But, here's what I hate about SXSW:

The crowds. I generally hate any environment where one pays hundreds or
thousands of dollars in order to wait in lines. This is not a failing of SXSW
or the people who attend; SXSW has been a great marketing success for its
founders. It's just something I don't like, so I make sure I'm not in town
when some of the venues I frequent will be packed and prices hiked up for the
duration.

It brings swarms of people pushing products and "personal brands" into a town
where that sort of thing is not common, even at tech events. People start
companies in Austin, but the culture is a different one from Silicon Valley,
and I like it that way. But, I like Silicon Valley the way it is, too; it is
true to its history and part of its charm. The problem is when you try to
shove a square peg into the funny looking blob shape that is Austin culture. I
spent three years in Silicon Valley, and I enjoyed most of it.

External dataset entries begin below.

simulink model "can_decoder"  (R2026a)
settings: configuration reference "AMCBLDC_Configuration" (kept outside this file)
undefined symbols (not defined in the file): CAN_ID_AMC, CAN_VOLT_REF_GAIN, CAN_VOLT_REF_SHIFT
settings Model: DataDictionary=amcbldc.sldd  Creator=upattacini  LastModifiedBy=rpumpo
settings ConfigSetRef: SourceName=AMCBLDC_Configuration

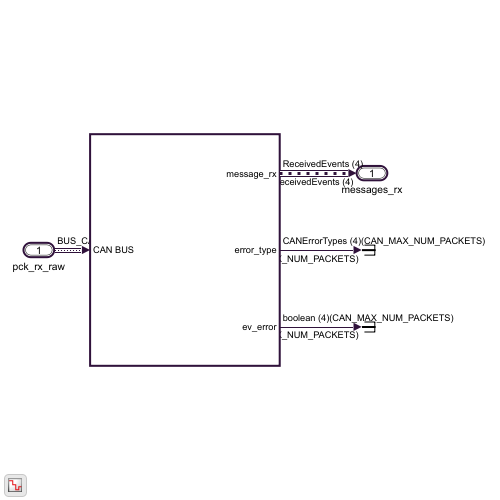
[thumbnail: Simulink's stored preview of the top-level diagram]
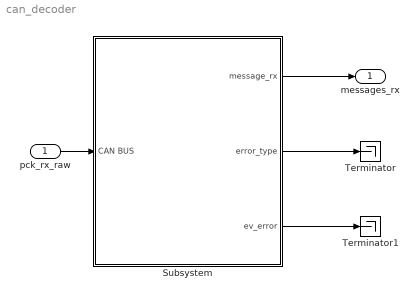
== system can_decoder ==
  pck_rx_raw : Inport  OutDataTypeStr=Bus: BUS_CAN_MULTIPLE  BusOutputAsStruct=on
  Subsystem : Subsystem
  Terminator : Terminator
  Terminator1 : Terminator
  messages_rx : Outport  OutDataTypeStr=Bus: ReceivedEvents  BusOutputAsStruct=on
  wires:
  pck_rx_raw/1 -> Subsystem/1(CAN BUS)
  Subsystem/1(message_rx) -> messages_rx/1
  Subsystem/2(error_type) -> Terminator/1
  Subsystem/3(ev_error) -> Terminator1/1

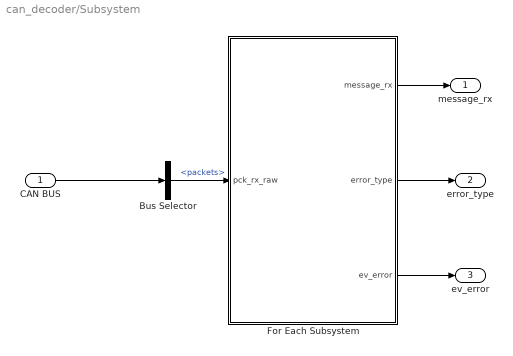
== system can_decoder/Subsystem ==
  CAN BUS : Inport
  Bus Selector : BusSelector  OutputSignals=packets
  For Each Subsystem : Subsystem  TreatAsAtomicUnit=on
  message_rx : Outport  PortDimensions=4
  error_type : Outport  Port=2
  ev_error : Outport  Port=3
  wires:
  Bus Selector/1 -> For Each Subsystem/1(pck_rx_raw)  "<packets>"
  CAN BUS/1 -> Bus Selector/1
  For Each Subsystem/3(ev_error) -> ev_error/1
  For Each Subsystem/1(message_rx) -> message_rx/1
  For Each Subsystem/2(error_type) -> error_type/1

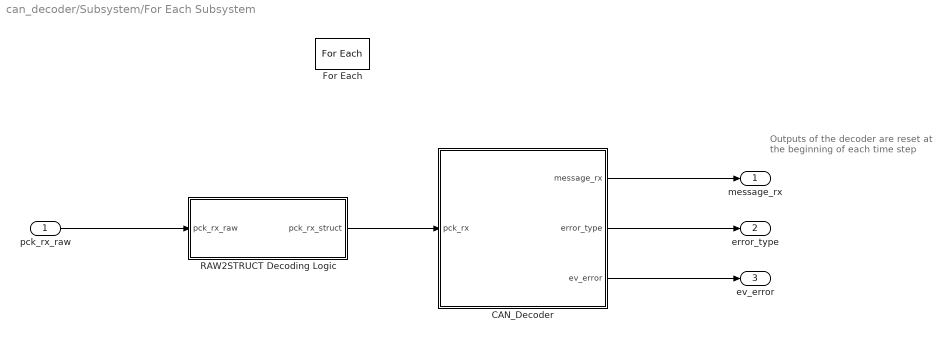
== system can_decoder/Subsystem/For Each Subsystem ==
  note: Outputs of the decoder are reset at
      | the beginning of each time step
  pck_rx_raw : Inport  Partition=on  PartitionDimension=1  PartitionWidth=1  PartitionOffset=0
  CAN_Decoder : Subsystem  TreatAsAtomicUnit=on
  For Each : ForEach  DisableCoverage=on  SpecifiedNumIters=MAX_EVENTS_PER_TICK
  RAW2STRUCT Decoding Logic : MATLAB Function  TreatAsAtomicUnit=on
  message_rx : Outport  OutDataTypeStr=Bus: ReceivedEvents  ConcatenationDimension=1
  error_type : Outport  Port=2  ConcatenationDimension=1
  ev_error : Outport  Port=3  ConcatenationDimension=1
  wires:
  CAN_Decoder/3(ev_error) -> ev_error/1
  RAW2STRUCT Decoding Logic/1(pck_rx_struct) -> CAN_Decoder/1(pck_rx)
  CAN_Decoder/1(message_rx) -> message_rx/1
  pck_rx_raw/1 -> RAW2STRUCT Decoding Logic/1(pck_rx_raw)
  CAN_Decoder/2(error_type) -> error_type/1

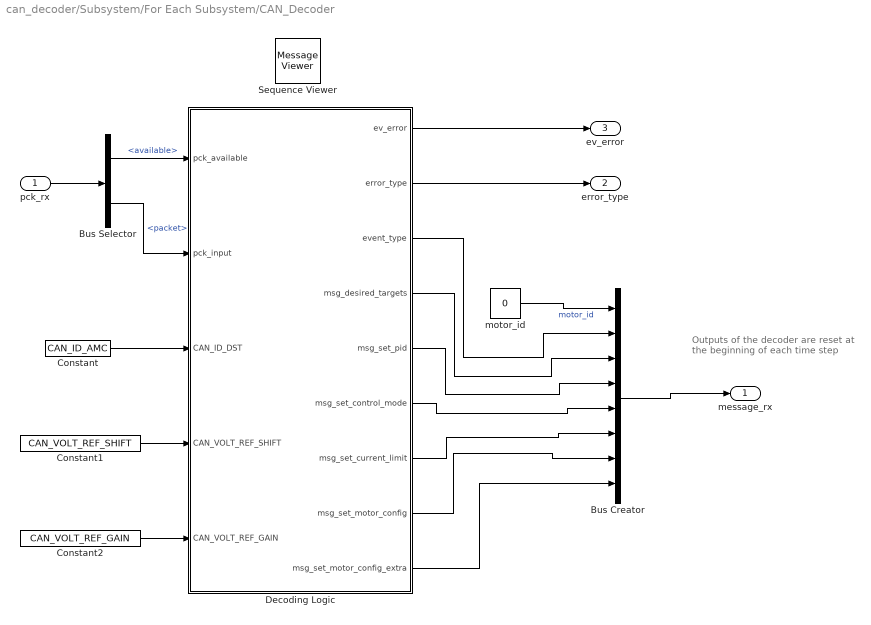
== system can_decoder/Subsystem/For Each Subsystem/CAN_Decoder ==
  note: Outputs of the decoder are reset at
      | the beginning of each time step
  pck_rx : Inport  OutDataTypeStr=Bus: BUS_CAN_RX
  Bus Creator : BusCreator  Inputs=8  OutDataTypeStr=Bus: ReceivedEvents  NonVirtualBus=on
      settings: InheritFromInputs=off
  Bus Selector : BusSelector  OutputSignals=available,packet
  Constant : Constant  Value=CAN_ID_AMC  OutDataTypeStr=uint8
  Constant1 : Constant  Value=CAN_VOLT_REF_SHIFT  OutDataTypeStr=uint8
  Constant2 : Constant  Value=CAN_VOLT_REF_GAIN  OutDataTypeStr=single
  Decoding Logic : Stateflow chart  TreatAsAtomicUnit=on
      settings: PortSchema="{\"entries\":[{\"content\":{\"sides\":[{\"content\":{\"connectorIds\":[\"In1\",\"In2\",\"In3\",\"In4\",\"In5\"]},\"type\":\"ConnectorPlacement.EquallySpacedRectSide\",\"uuid\":\"bb5ffdcb-390f-4d7b-9f99-b75bae8a05ad\"},{\"content\":{\"connectorIds\":[\"Out9\",\"Out6\",\"Out7\",\"Out3\",\"Out4\",\"Out1\",\"Out2\",\"Out5\",\"Out8\"],\"side\":\"RIGHT\"},\"type\":\"ConnectorPlacement.EquallySpacedRectSide\",\"uuid\":\"3ba90815-a3e4-4cd4-b64a-5c95e1f5d631\"},{\"content\":{\"side\":\"TOP\"},\"type\":\"ConnectorPlacement.EquallySpacedRectSide\",\"uuid\":\"c9c9b262-1031-4ca9-8b93-619604387376\"}]},\"type\":\"ConnectorPlacement.EquallySpacedConnector\",\"uuid\":\"025015ea-955c-40a8-a93e-b34368e10f0a\"}],\"packageUris\":[\"http://schema.mathworks.com/mf0/Connector/R2020b\"],\"version\":\"1.0\"}"
  Sequence Viewer : MessageViewer
  motor_id : Constant  Value=0  OutDataTypeStr=uint8
  message_rx : Outport  OutDataTypeStr=Bus: ReceivedEvents
  error_type : Outport  Port=2
  ev_error : Outport  Port=3
  wires:
  Constant/1 -> Decoding Logic/3(CAN_ID_DST)
  pck_rx/1 -> Bus Selector/1
  Bus Selector/1 -> Decoding Logic/1(pck_available)  "<available>"
  Bus Selector/2 -> Decoding Logic/2(pck_input)  "<packet>"
  Constant1/1 -> Decoding Logic/4(CAN_VOLT_REF_SHIFT)
  Constant2/1 -> Decoding Logic/5(CAN_VOLT_REF_GAIN)
  Decoding Logic/9(ev_error) -> ev_error/1
  Decoding Logic/6(error_type) -> error_type/1
  Bus Creator/1 -> message_rx/1
  Decoding Logic/7(event_type) -> Bus Creator/2
  Decoding Logic/3(msg_desired_targets) -> Bus Creator/3
  Decoding Logic/4(msg_set_pid) -> Bus Creator/4
  Decoding Logic/1(msg_set_control_mode) -> Bus Creator/5
  Decoding Logic/2(msg_set_current_limit) -> Bus Creator/6
  Decoding Logic/5(msg_set_motor_config) -> Bus Creator/7
  motor_id/1 -> Bus Creator/1  "motor_id"
  Decoding Logic/8(msg_set_motor_config_extra) -> Bus Creator/8

== matlab function can_decoder/Subsystem/For Each Subsystem/RAW2STRUCT Decoding Logic ==
  data: pck_rx_raw input Bus: BUS_CAN; pck_rx_struct output Bus: BUS_CAN_RX
function pck_rx_struct = raw2struct(pck_rx_raw)

pck_rx_struct.available = pck_rx_raw.available;

% ID
pck_rx_struct.packet.ID.CLS = CANClassTypes(bitshift(bitand(pck_rx_raw.packet.ID, 0x0700), -8));
pck_rx_struct.packet.ID.SRC = uint8(bitshift(bitand(pck_rx_raw.packet.ID, 0x0f0), -4));
pck_rx_struct.packet.ID.DST_TYP = uint8(bitand(pck_rx_raw.packet.ID, 0x00f));

% PAYLOAD
pck_rx_struct.packet.PAYLOAD.LEN = max([0, min([8, pck_rx_raw.length])]);
pck_rx_struct.packet.PAYLOAD.CMD.M = (bitand(pck_rx_raw.packet.PAYLOAD(1), 0x80) ~= 0);
pck_rx_struct.packet.PAYLOAD.CMD.OPC = bitand(pck_rx_raw.packet.PAYLOAD(1), 0x7f);
% We get both the polling and the streaming packtes covered
pck_rx_struct.packet.PAYLOAD.ARG = pck_rx_raw.packet.PAYLOAD;

== stateflow chart can_decoder/Subsystem/For Each Subsystem/CAN_Decoder/Decoding Logic ==
  settings: initializeOutput=1  description=This state chart is responsible for decoding incoming CAN packets.
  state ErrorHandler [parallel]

When I first
arrived and started attending nerd events, I thought, "I've found my people!"
Turned out not to be so much true after a bit more reflection and exposure,
and the 38th time I heard someone pitching a revolutionary new travel wiki, or
the countless times when someone explained their new product in relation to
some other new product I'd never heard of ("So, it's basically a clone of X,
but we've added social features!" where X was some company that had existed
for two months and had one developer and at least a dozen users and had been
mentioned in a comment on TechCrunch by its founder). But, it's a valuable
part of American culture and I love that Silicon Valley exists, so I can visit
when I want to experience that culture. I love the history of computing and a
lot of it happened because of and inside of the valley. Nothing wrong with
Silicon Valley, but for me, I have to take it in measured doses.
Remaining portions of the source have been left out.